Viewing Paired End Data

 

Paired end sequence data are forward and reverse sequence reads originating at opposite ends of the same fragment. Even though such a pair of reads may not overlap by sequence similarity, they belong in the same contig. If the reads are assembled into different contigs, the knowledge they are linked may help in joining two contigs together though it may instead indicate that the reads are misassembled or misnamed. Paired end data can also be used for within-contig assembly evaluation. If the two reads for a given pair are not in opposite orientations, for instance, an assembly problem may be indicated. Finally, if the distance between the two reads is known (+/-), this information can also be used to confirm whether or not the assembly is correct. When using paired end sequence data to evaluate assemblies, be sure to allow for the possibility that there may be errors in some of the sequence names.

 

Before you can use paired end data, SeqMan Pro needs to recognize your sequence naming convention, as well as your specifications for a minimum and maximum distance between the opposite ends of your inserts.
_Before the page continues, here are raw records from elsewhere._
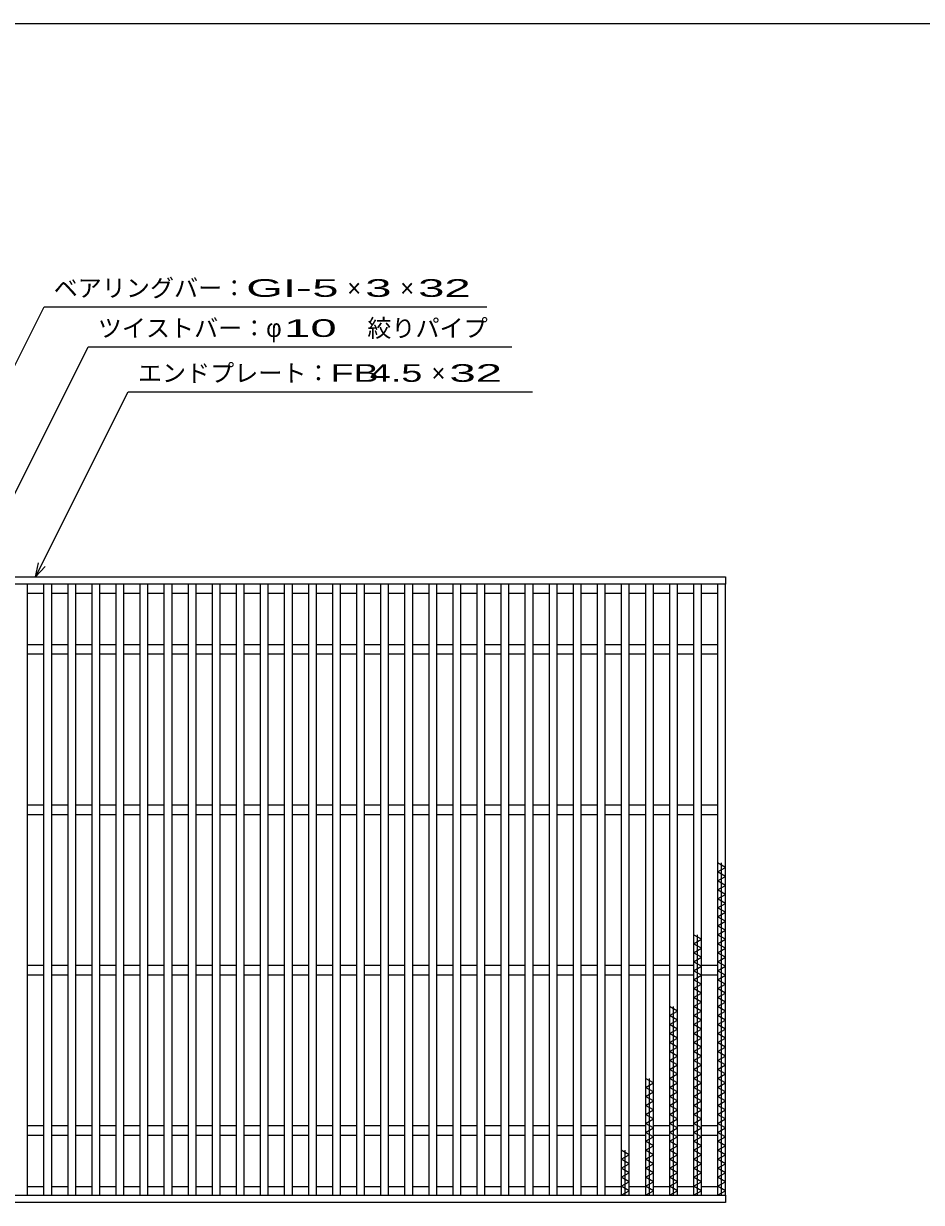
# Model space of a CAD drawing. Units: millimetres, scale not verified. Extents: x -3572 to 1042, y -2528 to 629.
# Drawn here: x -692 to -133, y -106 to 629 of the extents above; entities that cross this region are included whole.
import ezdxf
from ezdxf.enums import TextEntityAlignment as Align

# ---------------------------------------------------------------- set-up
doc = ezdxf.new("R2010")
doc.units = ezdxf.units.MM
doc.header["$LTSCALE"] = 6
for name, color, linetype, lineweight in [('0_2', 150, 'Continuous', 25), ('16', 3, 'Continuous', 25), ('22', 4, 'Continuous', 25)]:
    doc.layers.add(name, color=color, linetype=linetype, lineweight=lineweight)
doc.styles.add('ベクトル', font='')
doc.styles.get('ベクトル').set_extended_font_data('ベクトル')

msp = doc.modelspace()

# ---------------------------------------------------------------- linework, layer by layer
at = {"layer": '0_2'}
msp.add_line((-1034.4, 629.1), (1041.6, 629.1), dxfattribs=at)
at = {"layer": '16'}
for p, q in [((-845, 284), (-255, 284)), ((-255, 279.5), (-845, 279.5)), ((-690, 279.5), (-695, 279.5)), ((-690, -101.5), (-690, 279.5)), ((-680, 279.5), (-680, -101.5)), ((-675, 279.5), (-680, 279.5)), ((-675, -101.5), (-675, 279.5)), ((-665, 279.5), (-665, -101.5)), ((-660, 279.5), (-665, 279.5)), ((-660, -101.5), (-660, 279.5)), ((-650, 279.5), (-650, -101.5)), ((-645, 279.5), (-650, 279.5)), ((-645, -101.5), (-645, 279.5)), ((-635, 279.5), (-635, -101.5)), ((-630, 279.5), (-635, 279.5)), ((-630, -101.5), (-630, 279.5)), ((-620, 279.5), (-620, -101.5)), ((-615, 279.5), (-620, 279.5)), ((-615, -101.5), (-615, 279.5)), ((-605, 279.5), (-605, -101.5)), ((-600, 279.5), (-605, 279.5)), ((-600, -101.5), (-600, 279.5)), ((-590, 279.5), (-590, -101.5)), ((-585, 279.5), (-590, 279.5)), ((-585, -101.5), (-585, 279.5)), ((-575, 279.5), (-575, -101.5)), ((-570, 279.5), (-575, 279.5)), ((-570, -101.5), (-570, 279.5)), ((-560, 279.5), (-560, -101.5)), ((-555, 279.5), (-560, 279.5)), ((-555, -101.5), (-555, 279.5)), ((-545, 279.5), (-545, -101.5)), ((-540, 279.5), (-545, 279.5)), ((-540, -101.5), (-540, 279.5)), ((-530, 279.5), (-530, -101.5)), ((-525, 279.5), (-530, 279.5)), ((-525, -101.5), (-525, 279.5)), ((-515, 279.5), (-515, -101.5)), ((-510, 279.5), (-515, 279.5)), ((-510, -101.5), (-510, 279.5)), ((-500, 279.5), (-500, -101.5)), ((-495, 279.5), (-500, 279.5)), ((-495, -101.5), (-495, 279.5)), ((-485, 279.5), (-485, -101.5)), ((-480, 279.5), (-485, 279.5)), ((-480, -101.5), (-480, 279.5)), ((-470, 279.5), (-470, -101.5)), ((-465, 279.5), (-470, 279.5)), ((-465, -101.5), (-465, 279.5)), ((-455, 279.5), (-455, -101.5)), ((-450, 279.5), (-455, 279.5)), ((-450, -101.5), (-450, 279.5)), ((-440, 279.5), (-440, -101.5)), ((-435, 279.5), (-440, 279.5)), ((-435, -101.5), (-435, 279.5)), ((-425, 279.5), (-425, -101.5)), ((-420, 279.5), (-425, 279.5)), ((-420, -101.5), (-420, 279.5)), ((-410, 279.5), (-410, -101.5)), ((-405, 279.5), (-410, 279.5)), ((-405, -101.5), (-405, 279.5)), ((-395, 279.5), (-395, -101.5)), ((-390, 279.5), (-395, 279.5)), ((-390, -101.5), (-390, 279.5)), ((-380, 279.5), (-380, -101.5)), ((-375, 279.5), (-380, 279.5)), ((-375, -101.5), (-375, 279.5)), ((-365, 279.5), (-365, -101.5)), ((-360, 279.5), (-365, 279.5)), ((-360, -101.5), (-360, 279.5)), ((-350, 279.5), (-350, -101.5)), ((-345, 279.5), (-350, 279.5)), ((-345, -101.5), (-345, 279.5)), ((-335, 279.5), (-335, -101.5)), ((-330, 279.5), (-335, 279.5)), ((-330, -101.5), (-330, 279.5)), ((-320, 279.5), (-320, -101.5)), ((-315, 279.5), (-320, 279.5)), ((-315, -101.5), (-315, 279.5)), ((-305, 279.5), (-305, -101.5)), ((-300, 279.5), (-305, 279.5)), ((-300, -101.5), (-300, 279.5)), ((-290, 279.5), (-290, -101.5)), ((-285, 279.5), (-290, 279.5)), ((-285, -101.5), (-285, 279.5)), ((-275, 279.5), (-275, -101.5)), ((-270, 279.5), (-275, 279.5)), ((-270, -101.5), (-270, 279.5)), ((-260, 279.5), (-260, -101.5)), ((-255, 279.5), (-260, 279.5)), ((-255, 284), (-255, 279.5)), ((-255, -101.5), (-255, 279.5)), ((-690, 274), (-680, 274)), ((-675, 274), (-665, 274)), ((-660, 274), (-650, 274)), ((-645, 274), (-635, 274)), ((-630, 274), (-620, 274)), ((-615, 274), (-605, 274)), ((-600, 274), (-590, 274)), ((-585, 274), (-575, 274)), ((-570, 274), (-560, 274)), ((-555, 274), (-545, 274)), ((-540, 274), (-530, 274)), ((-525, 274), (-515, 274)), ((-510, 274), (-500, 274)), ((-495, 274), (-485, 274)), ((-480, 274), (-470, 274)), ((-465, 274), (-455, 274)), ((-450, 274), (-440, 274)), ((-435, 274), (-425, 274)), ((-420, 274), (-410, 274)), ((-405, 274), (-395, 274)), ((-390, 274), (-380, 274)), ((-375, 274), (-365, 274)), ((-360, 274), (-350, 274)), ((-345, 274), (-335, 274)), ((-330, 274), (-320, 274)), ((-315, 274), (-305, 274)), ((-300, 274), (-290, 274)), ((-285, 274), (-275, 274)), ((-270, 274), (-260, 274)), ((-690, 242), (-680, 242)), ((-690, 236), (-680, 236)), ((-675, 242), (-665, 242)), ((-675, 236), (-665, 236)), ((-660, 242), (-650, 242)), ((-660, 236), (-650, 236)), ((-645, 242), (-635, 242)), ((-645, 236), (-635, 236)), ((-630, 242), (-620, 242)), ((-630, 236), (-620, 236)), ((-615, 242), (-605, 242)), ((-615, 236), (-605, 236)), ((-600, 242), (-590, 242)), ((-600, 236), (-590, 236)), ((-585, 242), (-575, 242)), ((-585, 236), (-575, 236)), ((-570, 242), (-560, 242)), ((-570, 236), (-560, 236)), ((-555, 242), (-545, 242)), ((-555, 236), (-545, 236)), ((-540, 242), (-530, 242)), ((-540, 236), (-530, 236)), ((-525, 242), (-515, 242)), ((-525, 236), (-515, 236)), ((-510, 242), (-500, 242)), ((-510, 236), (-500, 236)), ((-495, 242), (-485, 242)), ((-495, 236), (-485, 236)), ((-480, 242), (-470, 242)), ((-480, 236), (-470, 236)), ((-465, 242), (-455, 242)), ((-465, 236), (-455, 236)), ((-450, 242), (-440, 242)), ((-450, 236), (-440, 236)), ((-435, 242), (-425, 242)), ((-435, 236), (-425, 236)), ((-420, 242), (-410, 242)), ((-420, 236), (-410, 236)), ((-405, 242), (-395, 242)), ((-405, 236), (-395, 236)), ((-390, 242), (-380, 242)), ((-390, 236), (-380, 236)), ((-375, 242), (-365, 242)), ((-375, 236), (-365, 236)), ((-360, 242), (-350, 242)), ((-360, 236), (-350, 236)), ((-345, 242), (-335, 242)), ((-345, 236), (-335, 236)), ((-330, 242), (-320, 242)), ((-330, 236), (-320, 236)), ((-315, 242), (-305, 242)), ((-315, 236), (-305, 236)), ((-300, 242), (-290, 242)), ((-300, 236), (-290, 236)), ((-285, 242), (-275, 242)), ((-285, 236), (-275, 236)), ((-270, 242), (-260, 242)), ((-270, 236), (-260, 236)), ((-690, 142), (-680, 142)), ((-675, 142), (-665, 142)), ((-660, 142), (-650, 142)), ((-645, 142), (-635, 142)), ((-630, 142), (-620, 142)), ((-615, 142), (-605, 142)), ((-600, 142), (-590, 142)), ((-585, 142), (-575, 142)), ((-570, 142), (-560, 142)), ((-555, 142), (-545, 142)), ((-540, 142), (-530, 142)), ((-525, 142), (-515, 142)), ((-510, 142), (-500, 142)), ((-495, 142), (-485, 142)), ((-480, 142), (-470, 142)), ((-465, 142), (-455, 142)), ((-450, 142), (-440, 142)), ((-435, 142), (-425, 142)), ((-420, 142), (-410, 142)), ((-405, 142), (-395, 142)), ((-390, 142), (-380, 142)), ((-375, 142), (-365, 142)), ((-360, 142), (-350, 142)), ((-345, 142), (-335, 142)), ((-330, 142), (-320, 142)), ((-315, 142), (-305, 142)), ((-300, 142), (-290, 142)), ((-285, 142), (-275, 142)), ((-270, 142), (-260, 142)), ((-690, 136), (-680, 136)), ((-675, 136), (-665, 136)), ((-660, 136), (-650, 136)), ((-645, 136), (-635, 136)), ((-630, 136), (-620, 136)), ((-615, 136), (-605, 136)), ((-600, 136), (-590, 136)), ((-585, 136), (-575, 136)), ((-570, 136), (-560, 136)), ((-555, 136), (-545, 136)), ((-540, 136), (-530, 136)), ((-525, 136), (-515, 136)), ((-510, 136), (-500, 136)), ((-495, 136), (-485, 136)), ((-480, 136), (-470, 136)), ((-465, 136), (-455, 136)), ((-450, 136), (-440, 136)), ((-435, 136), (-425, 136)), ((-420, 136), (-410, 136)), ((-405, 136), (-395, 136)), ((-390, 136), (-380, 136)), ((-375, 136), (-365, 136)), ((-360, 136), (-350, 136)), ((-345, 136), (-335, 136)), ((-330, 136), (-320, 136)), ((-315, 136), (-305, 136)), ((-300, 136), (-290, 136)), ((-285, 136), (-275, 136)), ((-270, 136), (-260, 136)), ((-255, 102.9), (-260, 105.7)), ((-257.5, -101.5), (-257.5, 105.7)), ((-260, 100.1), (-255, 102.9)), ((-255, 97.3), (-260, 100.1)), ((-260, 94.5), (-255, 97.3)), ((-255, 91.7), (-260, 94.5)), ((-260, 88.9), (-255, 91.7)), ((-255, 86.1), (-260, 88.9)), ((-260, 83.3), (-255, 86.1)), ((-255, 80.5), (-260, 83.3)), ((-260, 77.7), (-255, 80.5)), ((-255, 74.9), (-260, 77.7)), ((-260, 72.1), (-255, 74.9)), ((-255, 69.3), (-260, 72.1)), ((-260, 66.5), (-255, 69.3)), ((-255, 63.7), (-260, 66.5)), ((-270, 58.1), (-275, 60.9)), ((-272.5, -101.5), (-272.5, 60.9)), ((-260, 60.9), (-255, 63.7)), ((-255, 58.1), (-260, 60.9)), ((-275, 55.3), (-270, 58.1)), ((-270, 52.5), (-275, 55.3)), ((-275, 49.7), (-270, 52.5)), ((-260, 55.3), (-255, 58.1)), ((-255, 52.5), (-260, 55.3)), ((-260, 49.7), (-255, 52.5)), ((-270, 46.9), (-275, 49.7)), ((-275, 44.1), (-270, 46.9)), ((-255, 46.9), (-260, 49.7)), ((-260, 44.1), (-255, 46.9)), ((-690, 42), (-680, 42)), ((-675, 42), (-665, 42)), ((-660, 42), (-650, 42)), ((-645, 42), (-635, 42)), ((-630, 42), (-620, 42)), ((-615, 42), (-605, 42)), ((-600, 42), (-590, 42)), ((-585, 42), (-575, 42)), ((-570, 42), (-560, 42)), ((-555, 42), (-545, 42)), ((-540, 42), (-530, 42)), ((-525, 42), (-515, 42)), ((-510, 42), (-500, 42)), ((-495, 42), (-485, 42)), ((-480, 42), (-470, 42)), ((-465, 42), (-455, 42)), ((-450, 42), (-440, 42)), ((-435, 42), (-425, 42)), ((-420, 42), (-410, 42)), ((-405, 42), (-395, 42)), ((-390, 42), (-380, 42)), ((-375, 42), (-365, 42)), ((-360, 42), (-350, 42)), ((-345, 42), (-335, 42)), ((-330, 42), (-320, 42)), ((-315, 42), (-305, 42)), ((-300, 42), (-290, 42)), ((-285, 42), (-275, 42)), ((-270, 41.3), (-275, 44.1)), ((-275, 38.5), (-270, 41.3)), ((-270, 35.7), (-275, 38.5)), ((-270, 42), (-260, 42)), ((-255, 41.3), (-260, 44.1)), ((-260, 38.5), (-255, 41.3)), ((-255, 35.7), (-260, 38.5)), ((-690, 36), (-680, 36)), ((-675, 36), (-665, 36)), ((-660, 36), (-650, 36)), ((-645, 36), (-635, 36)), ((-630, 36), (-620, 36)), ((-615, 36), (-605, 36)), ((-600, 36), (-590, 36)), ((-585, 36), (-575, 36)), ((-570, 36), (-560, 36)), ((-555, 36), (-545, 36)), ((-540, 36), (-530, 36)), ((-525, 36), (-515, 36)), ((-510, 36), (-500, 36)), ((-495, 36), (-485, 36)), ((-480, 36), (-470, 36)), ((-465, 36), (-455, 36)), ((-450, 36), (-440, 36)), ((-435, 36), (-425, 36)), ((-420, 36), (-410, 36)), ((-405, 36), (-395, 36)), ((-390, 36), (-380, 36)), ((-375, 36), (-365, 36)), ((-360, 36), (-350, 36)), ((-345, 36), (-335, 36)), ((-330, 36), (-320, 36)), ((-315, 36), (-305, 36)), ((-300, 36), (-290, 36)), ((-285, 36), (-275, 36)), ((-275, 32.9), (-270, 35.7)), ((-270, 30.1), (-275, 32.9)), ((-275, 27.3), (-270, 30.1)), ((-270, 36), (-260, 36)), ((-260, 32.9), (-255, 35.7)), ((-255, 30.1), (-260, 32.9)), ((-260, 27.3), (-255, 30.1)), ((-270, 24.5), (-275, 27.3)), ((-275, 21.7), (-270, 24.5)), ((-255, 24.5), (-260, 27.3)), ((-260, 21.7), (-255, 24.5)), ((-285, 13.3), (-290, 16.1)), ((-287.5, -101.5), (-287.5, 16.1)), ((-270, 18.9), (-275, 21.7)), ((-275, 16.1), (-270, 18.9)), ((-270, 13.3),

Use the Pair Specifier parameters to define these values.

 

Ideally, paired end sequencing projects should use a simple, consistent, perfectly-implemented naming convention for forward and reverse reads. However, this goal may not be achieved in every project. The pair specifier in SeqMan Pro has enormous flexibility for creating expressions that will still distinguish paired end data when naming conventions are complex or imperfect.

 

Note: Since paired end information is used only after assembly, bad information about paired reads cannot poison the assembly. This is critical for data obtained by gel sequencing, as lane tracking errors sometimes lead to misnaming of a proportion of reads in a larger project. Therefore, paired read information that the software displays as inconsistent needs careful interpretation.